# To do:
Every entry below should be printed exactly, without its images.

# Record excerpts:

——

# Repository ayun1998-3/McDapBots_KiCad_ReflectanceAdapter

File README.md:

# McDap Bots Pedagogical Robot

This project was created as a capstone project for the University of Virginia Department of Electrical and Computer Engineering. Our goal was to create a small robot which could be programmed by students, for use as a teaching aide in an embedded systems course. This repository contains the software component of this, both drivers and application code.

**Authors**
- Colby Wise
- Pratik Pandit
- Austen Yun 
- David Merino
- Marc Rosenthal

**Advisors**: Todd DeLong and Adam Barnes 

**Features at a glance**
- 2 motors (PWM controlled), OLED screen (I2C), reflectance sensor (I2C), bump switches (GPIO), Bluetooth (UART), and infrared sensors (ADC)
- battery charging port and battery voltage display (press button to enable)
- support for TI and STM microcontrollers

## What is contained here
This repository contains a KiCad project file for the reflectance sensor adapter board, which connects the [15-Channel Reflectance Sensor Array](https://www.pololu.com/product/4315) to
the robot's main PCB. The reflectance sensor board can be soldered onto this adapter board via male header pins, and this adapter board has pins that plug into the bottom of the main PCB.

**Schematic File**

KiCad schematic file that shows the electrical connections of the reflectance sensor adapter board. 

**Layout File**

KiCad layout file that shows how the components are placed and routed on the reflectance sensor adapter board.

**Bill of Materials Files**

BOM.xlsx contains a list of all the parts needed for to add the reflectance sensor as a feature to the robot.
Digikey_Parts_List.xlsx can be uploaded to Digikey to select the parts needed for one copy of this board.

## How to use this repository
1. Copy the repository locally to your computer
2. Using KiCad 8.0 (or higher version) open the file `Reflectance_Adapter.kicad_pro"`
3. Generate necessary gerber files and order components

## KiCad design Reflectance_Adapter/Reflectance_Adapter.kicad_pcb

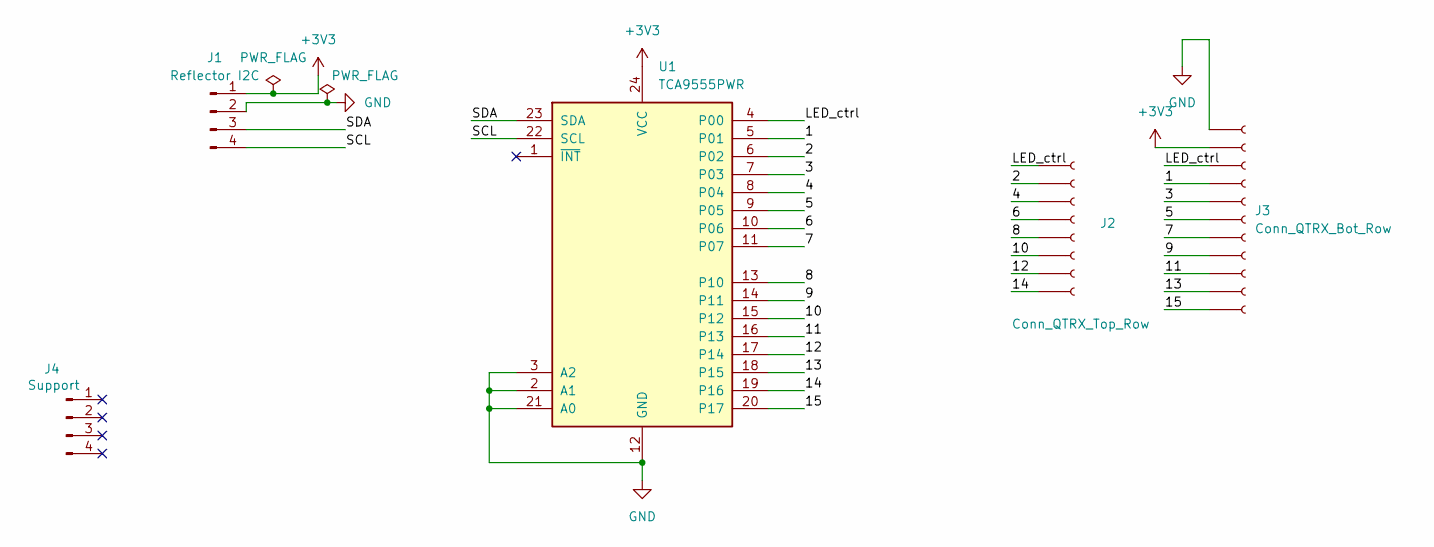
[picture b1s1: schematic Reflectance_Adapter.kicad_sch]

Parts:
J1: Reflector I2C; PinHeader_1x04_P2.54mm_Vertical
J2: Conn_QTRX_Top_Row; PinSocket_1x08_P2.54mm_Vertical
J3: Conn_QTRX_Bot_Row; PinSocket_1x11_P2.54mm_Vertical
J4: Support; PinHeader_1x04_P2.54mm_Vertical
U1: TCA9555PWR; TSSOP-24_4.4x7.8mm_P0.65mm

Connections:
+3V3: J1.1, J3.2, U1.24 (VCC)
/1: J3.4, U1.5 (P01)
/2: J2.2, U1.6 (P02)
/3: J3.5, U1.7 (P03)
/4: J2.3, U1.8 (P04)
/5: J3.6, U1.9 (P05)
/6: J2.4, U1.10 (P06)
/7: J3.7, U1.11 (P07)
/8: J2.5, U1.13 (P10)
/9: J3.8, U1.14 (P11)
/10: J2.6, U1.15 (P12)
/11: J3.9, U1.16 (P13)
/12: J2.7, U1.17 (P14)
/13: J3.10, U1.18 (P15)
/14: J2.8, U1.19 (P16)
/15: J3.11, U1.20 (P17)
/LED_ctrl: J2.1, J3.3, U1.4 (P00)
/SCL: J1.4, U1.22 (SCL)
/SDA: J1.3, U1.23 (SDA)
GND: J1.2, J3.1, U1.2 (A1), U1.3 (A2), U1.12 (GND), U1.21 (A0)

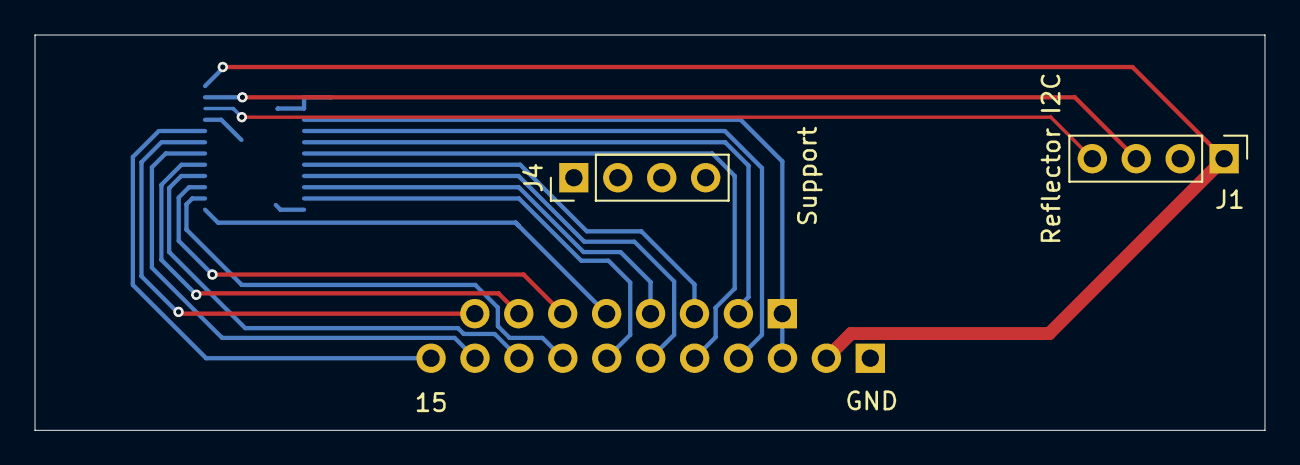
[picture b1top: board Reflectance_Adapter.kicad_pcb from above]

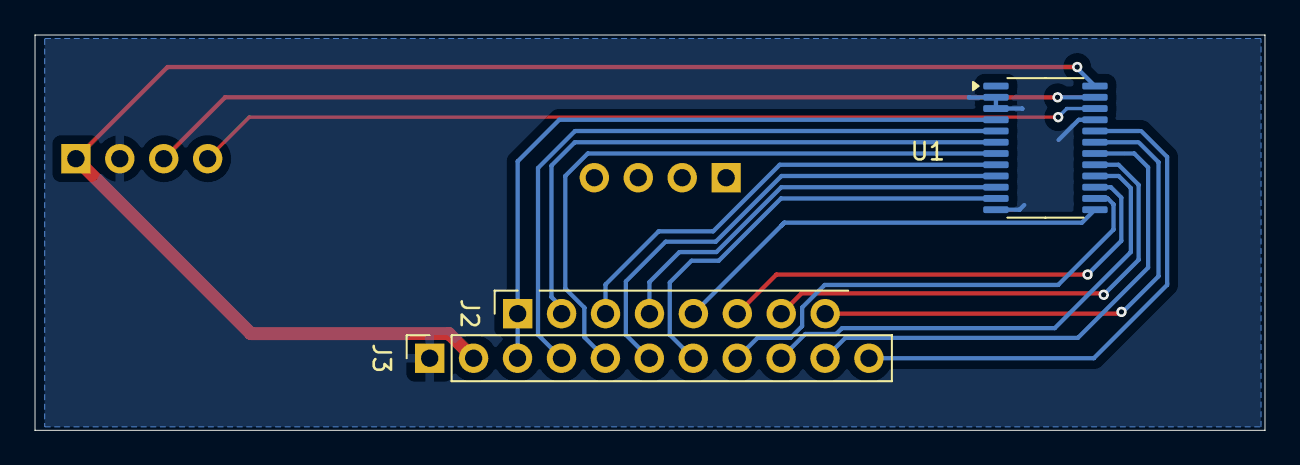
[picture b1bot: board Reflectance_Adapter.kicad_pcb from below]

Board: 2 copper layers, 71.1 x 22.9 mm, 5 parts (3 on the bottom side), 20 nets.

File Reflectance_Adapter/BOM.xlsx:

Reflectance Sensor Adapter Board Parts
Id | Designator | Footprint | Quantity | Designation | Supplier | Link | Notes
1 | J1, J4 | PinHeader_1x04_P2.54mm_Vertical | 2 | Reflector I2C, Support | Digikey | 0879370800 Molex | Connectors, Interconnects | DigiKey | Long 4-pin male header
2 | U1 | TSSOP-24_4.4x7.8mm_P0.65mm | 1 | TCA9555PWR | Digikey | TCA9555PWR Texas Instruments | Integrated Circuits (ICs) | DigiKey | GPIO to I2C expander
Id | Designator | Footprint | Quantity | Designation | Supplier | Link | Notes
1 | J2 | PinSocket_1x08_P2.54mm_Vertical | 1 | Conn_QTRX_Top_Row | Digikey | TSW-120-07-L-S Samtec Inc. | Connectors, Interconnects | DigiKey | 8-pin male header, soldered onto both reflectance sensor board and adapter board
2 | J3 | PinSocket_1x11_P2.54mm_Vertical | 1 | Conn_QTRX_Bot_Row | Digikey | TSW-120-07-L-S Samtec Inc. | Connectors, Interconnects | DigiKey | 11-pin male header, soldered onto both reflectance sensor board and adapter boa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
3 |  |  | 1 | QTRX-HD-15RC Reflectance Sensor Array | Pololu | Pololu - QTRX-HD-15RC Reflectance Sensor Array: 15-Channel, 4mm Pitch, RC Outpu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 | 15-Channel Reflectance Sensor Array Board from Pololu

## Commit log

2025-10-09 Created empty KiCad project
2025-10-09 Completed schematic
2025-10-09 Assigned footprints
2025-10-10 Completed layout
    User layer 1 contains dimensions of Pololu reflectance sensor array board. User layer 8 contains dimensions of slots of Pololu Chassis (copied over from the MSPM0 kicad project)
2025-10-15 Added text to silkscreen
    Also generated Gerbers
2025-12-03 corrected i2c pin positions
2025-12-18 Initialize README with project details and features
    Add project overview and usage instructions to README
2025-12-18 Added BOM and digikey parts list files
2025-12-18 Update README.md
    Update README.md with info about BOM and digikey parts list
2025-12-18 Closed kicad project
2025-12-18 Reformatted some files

——

# Exercise answer:
# Repository ayun1998-3/McDapBots_KiCad_ReflectanceAdapter

File README.md:

# McDap Bots Pedagogical Robot

This project was created as a capstone project for the University of Virginia Department of Electrical and Computer Engineering. Our goal was to create a small robot which could be programmed by students, for use as a teaching aide in an embedded systems course. This repository contains the software component of this, both drivers and application code.

**Authors**
- Colby Wise
- Pratik Pandit
- Austen Yun 
- David Merino
- Marc Rosenthal

**Advisors**: Todd DeLong and Adam Barnes 

**Features at a glance**
- 2 motors (PWM controlled), OLED screen (I2C), reflectance sensor (I2C), bump switches (GPIO), Bluetooth (UART), and infrared sensors (ADC)
- battery charging port and battery voltage display (press button to enable)
- support for TI and STM microcontrollers

## What is contained here
This repository contains a KiCad project file for the reflectance sensor adapter board, which connects the [15-Channel Reflectance Sensor Array](https://www.pololu.com/product/4315) to
the robot's main PCB. The reflectance sensor board can be soldered onto this adapter board via male header pins, and this adapter board has pins that plug into the bottom of the main PCB.

**Schematic File**

KiCad schematic file that shows the electrical connections of the reflectance sensor adapter board. 

**Layout File**

KiCad layout file that shows how the components are placed and routed on the reflectance sensor adapter board.

**Bill of Materials Files**

BOM.xlsx contains a list of all the parts needed for to add the reflectance sensor as a feature to the robot.
Digikey_Parts_List.xlsx can be uploaded to Digikey to select the parts needed for one copy of this board.

## How to use this repository
1. Copy the repository locally to your computer
2. Using KiCad 8.0 (or higher version) open the file `Reflectance_Adapter.kicad_pro"`
3. Generate necessary gerber files and order components

## KiCad design Reflectance_Adapter/Reflectance_Adapter.kicad_pcb

[picture b1s1: schematic Reflectance_Adapter.kicad_sch]

Parts:
J1: Reflector I2C; PinHeader_1x04_P2.54mm_Vertical
J2: Conn_QTRX_Top_Row; PinSocket_1x08_P2.54mm_Vertical
J3: Conn_QTRX_Bot_Row; PinSocket_1x11_P2.54mm_Vertical
J4: Support; PinHeader_1x04_P2.54mm_Vertical
U1: TCA9555PWR; TSSOP-24_4.4x7.8mm_P0.65mm

Connections:
+3V3: J1.1, J3.2, U1.24 (VCC)
/1: J3.4, U1.5 (P01)
/2: J2.2, U1.6 (P02)
/3: J3.5, U1.7 (P03)
/4: J2.3, U1.8 (P04)
/5: J3.6, U1.9 (P05)
/6: J2.4, U1.10 (P06)
/7: J3.7, U1.11 (P07)
/8: J2.5, U1.13 (P10)
/9: J3.8, U1.14 (P11)
/10: J2.6, U1.15 (P12)
/11: J3.9, U1.16 (P13)
/12: J2.7, U1.17 (P14)
/13: J3.10, U1.18 (P15)
/14: J2.8, U1.19 (P16)
/15: J3.11, U1.20 (P17)
/LED_ctrl: J2.1, J3.3, U1.4 (P00)
/SCL: J1.4, U1.22 (SCL)
/SDA: J1.3, U1.23 (SDA)
GND: J1.2, J3.1, U1.2 (A1), U1.3 (A2), U1.12 (GND), U1.21 (A0)

[picture b1top: board Reflectance_Adapter.kicad_pcb from above]

[picture b1bot: board Reflectance_Adapter.kicad_pcb from below]

Board: 2 copper layers, 71.1 x 22.9 mm, 5 parts (3 on the bottom side), 20 nets.

File Reflectance_Adapter/BOM.xlsx:

Reflectance Sensor Adapter Board Parts
Id | Designator | Footprint | Quantity | Designation | Supplier | Link | Notes
1 | J1, J4 | PinHeader_1x04_P2.54mm_Vertical | 2 | Reflector I2C, Support | Digikey | 0879370800 Molex | Connectors, Interconnects | DigiKey | Long 4-pin male header
2 | U1 | TSSOP-24_4.4x7.8mm_P0.65mm | 1 | TCA9555PWR | Digikey | TCA9555PWR Texas Instruments | Integrated Circuits (ICs) | DigiKey | GPIO to I2C expander
Id | Designator | Footprint | Quantity | Designation | Supplier | Link | Notes
1 | J2 | PinSocket_1x08_P2.54mm_Vertical | 1 | Conn_QTRX_Top_Row | Digikey | TSW-120-07-L-S Samtec Inc. | Connectors, Interconnects | DigiKey | 8-pin male header, soldered onto both reflectance sensor board and adapter board
2 | J3 | PinSocket_1x11_P2.54mm_Vertical | 1 | Conn_QTRX_Bot_Row | Digikey | TSW-120-07-L-S Samtec Inc. | Connectors, Interconnects | DigiKey | 11-pin male header, soldered onto both reflectance sensor board and adapter boa
3 |  |  | 1 | QTRX-HD-15RC Reflectance Sensor Array | Pololu | Pololu - QTRX-HD-15RC Reflectance Sensor Array: 15-Channel, 4mm Pitch, RC Outpu | 15-Channel Reflectance Sensor Array Board from Pololu

## Commit log

2025-10-09 Created empty KiCad project
2025-10-09 Completed schematic
2025-10-09 Assigned footprints
2025-10-10 Completed layout
    User layer 1 contains dimensions of Pololu reflectance sensor array board. User layer 8 contains dimensions of slots of Pololu Chassis (copied over from the MSPM0 kicad project)
2025-10-15 Added text to silkscreen
    Also generated Gerbers
2025-12-03 corrected i2c pin positions
2025-12-18 Initialize README with project details and features
    Add project overview and usage instructions to README
2025-12-18 Added BOM and digikey parts list files
2025-12-18 Update README.md
    Update README.md with info about BOM and digikey parts list
2025-12-18 Closed kicad project
2025-12-18 Reformatted some files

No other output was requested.